#### HOW TO COMPLETE THIS TASK
Search the material for the string "direction", then show every line where it turns up.

#### RECORDS FOR THE EXERCISE
________
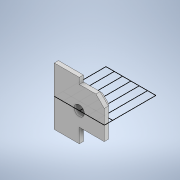
# Autodesk Inventor part: power and ground splitter holders top lid
Saved by Autodesk Inventor 2022 (Build 260153000, 153)
## iProperties
Created: 2022-04-13
Part Number: power and ground splitter holders top lid
Material: Generic
Document SubType Name: Modeling
Designer: a-dubs
Density: 1 g/cm^3
Appearance: Default
Author: a-dubs
Autodesk Inventor part; units mm, degrees
ref_plane "YZ Plane" through (0, 0, 0) normal (1, 0, 0) x (0, 1, 0)
ref_plane "XZ Plane" through (0, 0, 0) normal (0, 1, 0) x (-1, 0, 0)
ref_plane "XY Plane" through (0, 0, 0) normal (0, 0, 1) x (1, 0, 0)
sketch "Sketch1" plane through (0, 0, 0) normal (0, 1, 0) x (-1, 0, 0)
  line L0 (0, 0) -> (-2.6, 0)
  line L1 (-2.6, 0) -> (-2.6, -13.5)
  line L2 (-2.6, 0) -> (-3.6568, 0)
  line L3 (-2.6, -13.5) -> (0, -13.5)
  line L4 (0, -13.5) -> (0, 0)
  line L5 (0, 0) -> (0, 2.6)
  line L6 (0, 2.6) -> (-2.6, 2.6)
  line L7 (-2.6, 2.6) -> (-2.6, 0)
  line L8 (-2.6, 0) -> (-5.2, 0)
  line L9 (-5.2, 0) -> (-5.2, 2.6)
  line L10 (-5.2, 2.6) -> (-2.6, 2.6)
  line L11 (0, 0) -> (2.6, 0)
  line L12 (2.6, 0) -> (2.6, 2.6)
  line L13 (2.6, 2.6) -> (0, 2.6)
  line L14 (2.6, 0) -> (2.6, -13.5)
  line L15 (2.6, -13.5) -> (0, -13.5)
  line L16 (-2.6, -13.5) -> (-5.2, -13.5)
  line L17 (-5.2, -13.5) -> (-5.2, 0)
  line L18 (-10.4, 0) -> (-7.8, 0)
  line L19 (-7.8, 0) -> (-7.8, -13.5)
  line L20 (-7.8, 0) -> (-6.7432, 0)
  line L21 (-7.8, -13.5) -> (-10.4, -13.5)
  line L22 (-10.4, -13.5) -> (-10.4, 0)
  line L23 (-10.4, 0) -> (-10.4, 2.6)
  line L24 (-10.4, 2.6) -> (-7.8, 2.6)
  line L25 (-7.8, 2.6) -> (-7.8, 0)
  line L26 (-7.8, 0) -> (-5.2, 0)
  line L27 (-5.2, 2.6) -> (-7.8, 2.6)
  line L28 (-10.4, 0) -> (-13, 0)
  line L29 (-13, 0) -> (-13, 2.6)
  line L30 (-13, 2.6) -> (-10.4, 2.6)
  line L31 (-13, 0) -> (-13, -13.5)
  line L32 (-13, -13.5) -> (-10.4, -13.5)
  line L33 (-7.8, -13.5) -> (-5.2, -13.5)
  dimension "d0" = 2.6
  dimension "d1" = 13.5
  dimension "d2" = 2.6
  dimension "d3" = 2.6
  dimension "d6" = 2.6
  constraints: 68 end point, 10 perpendicular, 10 symmetric about line, 5 horizontal, 4 point on line, 1 vertical
  measures "d0" distance of L0.start L0.end
  measures "d1" distance of L0.end L1.end
  measures "d2" distance of L0.start L5.end
  measures "d3" distance of L0.end L8.end
  measures "d6" distance of L0.start L11.end
extrude "Extrusion1" add sketch "Sketch1" along normal mid plane 18 contours L0 L7 L6 L5 | L5 L13 L12 L11 | L2 L8 L9 L10 L7
extrude "Extrusion2" add sketch "Sketch1" along normal mid plane 9 contours L26 L20 L25 L27 L9 | L25 L18 L23 L24 | L23 L28 L29 L30
sketch "Sketch3" plane through (5.2, 9, 0) normal (0, 0, -1) x (-1, 0, 0)
  line L0 (7.8, -18) -> (7.8, 0) projected
  line L1 (7.8, -9) -> (0, -9)
  circle A0 centre (0, -9) radius 1.6
  point P0 (5.2, -9)
  dimension "d12" = 7.8
  dimension "d13" = 3.2
  constraints: 2 end point, 1 centre point, 1 coincident, 1 horizontal, 1 midpoint
  measures "d12" distance of L1.start L1.end
  measures "d13" diameter of A0
extrude "Extrusion3" cut sketch "Sketch3" against normal blind 9
extrude "Extrusion4" add sketch "Sketch1" along normal blind 2.6 from surface at 4.5 contours L26 L20 L25 L27 L9 | L25 L18 L23 L24 | L23 L28 L29 L30
chamfer "Chamfer3" distance 2.6 angle 45 1 edges at (13, 7.1, 1.3)
chamfer "Chamfer4" distance 1.3 angle 45 9 edges at (-2.6, 0, 0) (1.3, -9, 0) (9.1, -4.5, 0) (5.2, -6.75, 0) (1.3, 9, 0) (13, 0, 0) (11.7, 5.8, 0) (7.8, 7.1, 0) (5.2, 8.05, 0)
body "Solid1"
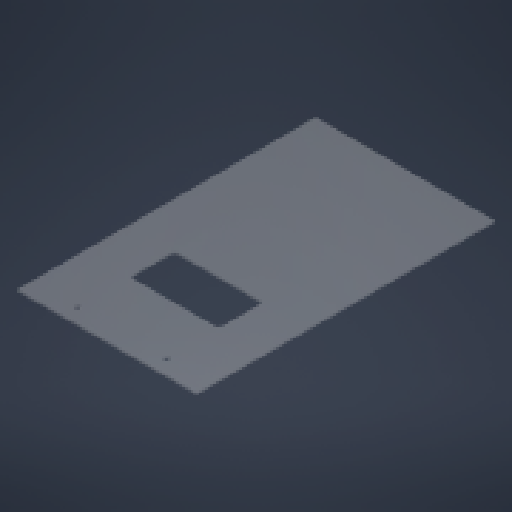
# Autodesk Inventor part: 2polycarb10x6
Saved by Autodesk Inventor 2023 (Build 270158000, 158)
## iProperties
Created: 2023-01-26
Part Number: 2polycarb10x6
Material: Polycarbonate, Clear
Document SubType Name: Modeling
Designer: Windows Macbook
Density: 1.2 g/cm^3
Appearance: Polycarbonate - Clear
Author: Windows Macbook
Autodesk Inventor part; units mm, degrees
ref_plane "YZ Plane" through (0, 0, 0) normal (1, 0, 0) x (0, 1, 0)
ref_plane "XZ Plane" through (0, 0, 0) normal (0, 1, 0) x (-1, 0, 0)
ref_plane "XY Plane" through (0, 0, 0) normal (0, 0, 1) x (1, 0, 0)
sketch "Sketch1" plane through (0, 0, 0) normal (0, 1, 0) x (-1, 0, 0)
  line L0 (-101.6, -127) -> (50.8, -127)
  line L1 (50.8, -127) -> (50.8, 127)
  line L2 (50.8, 127) -> (-101.6, 127)
  line L3 (-101.6, 127) -> (-101.6, -127)
  point P0 (0, 0)
  dimension "d0" = 152.4
  dimension "d1" = 254
  constraints: 8 end point, 2 parallel, 1 horizontal, 1 perpendicular
  measures "d0" distance of L2.end L1.end
  measures "d1" distance of L1.end L0.end
extrude "Extrusion2" add sketch "Sketch1" along normal blind 1.5875
sketch "Sketch3" plane through (0, 1.5875, 0) normal (0, 1, 0) x (1, 0, 0)
  circle A0 centre (63.5, -114.3) radius 2.1844
  circle A1 centre (-12.7, -114.3) radius 2.1844
  point P0 (0, 0)
  dimension "d13" = 4.3688
  dimension "d14" = 4.3688
  constraints: 2 centre point
  measures "d13" diameter of A0
  measures "d14" diameter of A1
hole "Hole1" at (63.5, 1.5875, 114.3) at (-12.7, 1.5875, 114.3) direction (0, -1, 0) diameter 4.3688 end through all
sketch "Sketch4" plane through (0, 0, 0) normal (0, -1, 0) x (1, 0, 0)
  line L0 (101.6, 127) -> (101.6, -127) projected
  line L1 (-50.8, -127) -> (-50.8, 127) projected
  line L2 (101.6, 50.8) -> (254, 50.8) construction
  line L3 (-12.7, 34.925) -> (-12.7, 66.675)
  line L4 (63.5, 66.675) -> (63.5, 34.925)
  line L5 (-12.7, 66.675) -> (-12.7, 69.85)
  line L6 (63.5, 73.025) -> (-12.7, 73.025)
  line L7 (-12.7, 73.025) -> (-12.7, 28.575)
  line L8 (-12.7, 28.575) -> (63.5, 28.575)
  line L9 (63.5, 28.575) -> (63.5, 73.025)
  point P0 (0, 0)
  point P1 (-12.7, 31.75)
  point P2 (63.5, 69.85)
  dimension "d24" = 76.2
  dimension "d25" = 38.1
  constraints: 16 end point, 4 point on line, 3 parallel, 2 coincident, 2 horizontal, 1 perpendicular, 1 vertical
  measures "d24" distance of L5.end point (63.5, 69.85)
  measures "d25" distance of point (-12.7, 31.75) L5.end
extrude "Extrusion5" cut sketch "Sketch4" against normal up to next
body "Solid2"
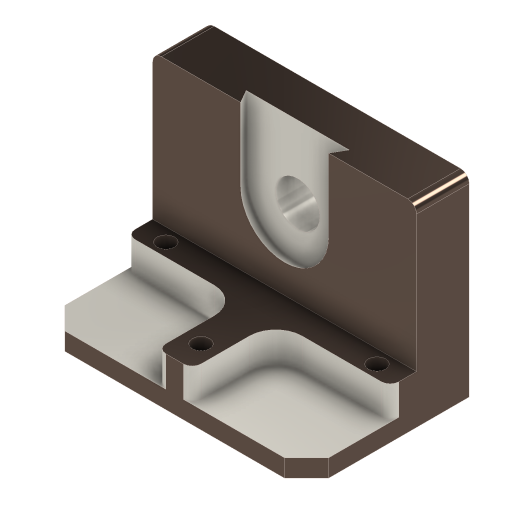
# Autodesk Inventor part: Part019. Corner block
Saved by Autodesk Inventor 2023.2 (Build 272271030, 271C)
## iProperties
Created: 2023-09-20
Part Number: Part019. Corner block
Material: Steel, Carbon
Document SubType Name: Modeling
Designer: User
Mass: 2416.08 g
Surface Area: 476.682 cm^2
Volume: 307.781 cm^3
Density: 7.85 g/cm^3
Appearance: Gunmetal - Antique Polished
Author: User
Autodesk Inventor part; units mm, degrees
ref_plane "YZ Plane" through (0, 0, 0) normal (1, 0, 0) x (0, 1, 0)
ref_plane "XZ Plane" through (0, 0, 0) normal (0, 1, 0) x (-1, 0, 0)
ref_plane "XY Plane" through (0, 0, 0) normal (0, 0, 1) x (1, 0, 0)
sketch "Sketch1" plane through (0, 0, 0) normal (0, 1, 0) x (-1, 0, 0)
  line L0 (60, -74) -> (-60, -74)
  line L1 (-60, -74) -> (-60, 0)
  line L2 (-60, 0) -> (60, 0)
  line L3 (60, 0) -> (60, -74)
  point P0 (0, 0)
  point P1 (0, 0)
  dimension "d0" = 120
  dimension "d1" = 74
  constraints: 8 end point, 2 parallel, 1 coincident, 1 horizontal, 1 midpoint, 1 perpendicular
  measures "d0" distance of L1.end L2.end
  measures "d1" distance of L0.end L1.end
extrude "Extrusion1" add sketch "Sketch1" along normal blind 8
chamfer "Chamfer1" distance 10 angle 45 2 edges at (60, 4, 0) (-60, 4, 0)
sketch "Sketch2" plane through (0, 8, 0) normal (0, 1, 0) x (1, 0, 0)
  line L0 (-50, 0) -> (-60, 10) projected
  line L1 (-50, 0) -> (50, 0) projected
  line L2 (60, 10) -> (60, 74) projected
  line L3 (60, 74) -> (-60, 74) projected
  line L4 (-60, 74) -> (-60, 10) projected
  line L5 (-60, 38) -> (-20, 38)
  line L6 (-8, 26) -> (-8, 0)
  line L7 (-8, 0) -> (-50, 0)
  line L8 (-60, 10) -> (-60, 38)
  arc A0 (-8, 26) -> (-20, 38) centre (-20, 26) ccw
  line L9 (0, 88.8) -> (0, -14.8) construction
  line L10 (50, 0) -> (60, 10)
  line L11 (60, 38) -> (20, 38)
  line L12 (8, 26) -> (8, 0)
  line L13 (8, 0) -> (50, 0)
  line L14 (60, 10) -> (60, 38)
  arc A1 (20, 38) -> (8, 26) centre (20, 26) ccw
  point P0 (0, 0)
  point P1 (8, 0)
  dimension "d7" = 12
  dimension "d8" = 38
  dimension "d9" = 16
  constraints: 18 end point, 9 symmetric about line, 6 point on line, 4 point on circle, 2 centre point, 2 parallel, 2 tangent, 1 horizontal, 1 perpendicular, 1 other
  measures "d7" radius of A0
  measures "d8" distance between parallel lines of L1 L5
  measures "d9" distance between parallel lines of L12 L6
extrude "Extrusion2" add sketch "Sketch2" along normal blind 14 contours L6 A0 L5 L4 L3 L2 L11 A1 L12 L1
sketch "Sketch3" plane through (0, 22, 0) normal (0, 1, 0) x (1, 0, 0)
  line L0 (-60, 74) -> (-60, 38) projected
  line L1 (60, 38) -> (60, 74) projected
  line L2 (60, 74) -> (-60, 74) projected
  line L3 (-60, 74) -> (-60, 10) projected
  line L4 (-60, 74) -> (60, 74)
  line L5 (60, 74) -> (60, 50)
  line L6 (60, 50) -> (-60, 50)
  line L7 (-60, 50) -> (-60, 74)
  point P0 (0, 0)
  point P1 (-60, 50)
  dimension "d12" = 24
  constraints: 8 end point, 2 parallel, 1 horizontal, 1 perpendicular, 1 point on line
  measures "d12" distance of L4.end L5.end
extrude "Extrusion3" add sketch "Sketch3" along normal blind 66
fillet "Fillet1" radius 4 6 edges at (60, 88, -62) (-60, 88, -62) (-60, 15, -38) (-8, 15, 0) (8, 15, 0) (60, 15, -38)
sketch "Sketch4" plane through (0, 88, 0) normal (0, 1, 0) x (1, 0, 0)
  line L0 (-56, 50) -> (56, 50) projected
  line L1 (-20, 50) -> (-23.4641, 56)
  line L2 (-23.4641, 56) -> (23.4641, 56)
  line L3 (60, 50) -> (-60, 50) projected
  line L4 (23.4641, 56) -> (20, 50)
  line L5 (0, 88.8) -> (0, -14.8) construction
  point P0 (0, 0)
  dimension "d16" = 60
  dimension "d17" = 40
  dimension "d18" = 6
  constraints: 6 end point, 2 point on line, 1 parallel, 1 other
  measures "d16" angle of L0 L1
  measures "d17" distance of L4.end L1.start
  measures "d18" distance between parallel lines of L0 L2
extrude "Extrusion4" cut sketch "Sketch4" against normal blind 33
sketch "Sketch5" plane through (0, 55, 0) normal (0, 1, 0) x (1, 0, 0)
  line L0 (-20, 50) -> (-23.4641, 56) projected
  line L1 (20, 50) -> (-20, 50) projected
  line L2 (-23.4641, 56) -> (23.4641, 56) projected
  line L3 (-20, 50) -> (0, 50)
  line L4 (60, 50) -> (-60, 50) projected
  line L5 (0, 50) -> (0, 56)
  line L6 (0, 56) -> (-23.4641, 56)
  point P0 (0, 0)
  constraints: 6 end point, 2 midpoint, 1 collinear
revolve "Revolution1" cut sketch "Sketch5" angle 360 about axis through (0, 55, -50) along (0, 0, -1)
sketch "Sketch6" plane through (-23.4641, 88, -56) normal (0, 0, 1) x (1, 0, 0)
  arc A0 (3.4641, -33) -> (43.4641, -33) centre (23.4641, -33) ccw projected
  point P0 (23.4641, -88)
  constraints: 1 coincident
hole "Hole1" at (0, 55, -56) direction (0, 0, -1) diameter 20 end through all
sketch "Sketch7" plane through (0, 22, 0) normal (0, 1, 0) x (1, 0, 0)
  line L0 (-4, 0) -> (4, 0) projected
  line L1 (-50, 0) -> (-4, 0) projected
  line L2 (0, 88.9657) -> (0, -15.7941) construction
  point P0 (0, 0)
  point P1 (-48, 44)
  point P2 (48, 44)
  point P3 (0, 12)
  point P4 (0, 0)
  dimension "d29" = 44
  dimension "d30" = 96
  dimension "d31" = 12
  constraints: 1 horizontal alignment, 1 midpoint, 1 symmetric about line, 1 vertical alignment
  measures "d29" distance from line of L1 point (-48, 44)
  measures "d30" distance of point (48, 44) point (-48, 44)
  measures "d31" distance from line of point (0, 12) L0
hole "Hole2" at (-48, 22, -44) at (48, 22, -44) at (0, 22, -12) direction (0, -1, 0) diameter 8 end through all
body "Solid1"
________
#### REPLY
hole "Hole1" at (63.5, 1.5875, 114.3) at (-12.7, 1.5875, 114.3) direction (0, -1, 0) diameter 4.3688 end through all
hole "Hole1" at (0, 55, -56) direction (0, 0, -1) diameter 20 end through all
hole "Hole2" at (-48, 22, -44) at (48, 22, -44) at (0, 22, -12) direction (0, -1, 0) diameter 8 end through all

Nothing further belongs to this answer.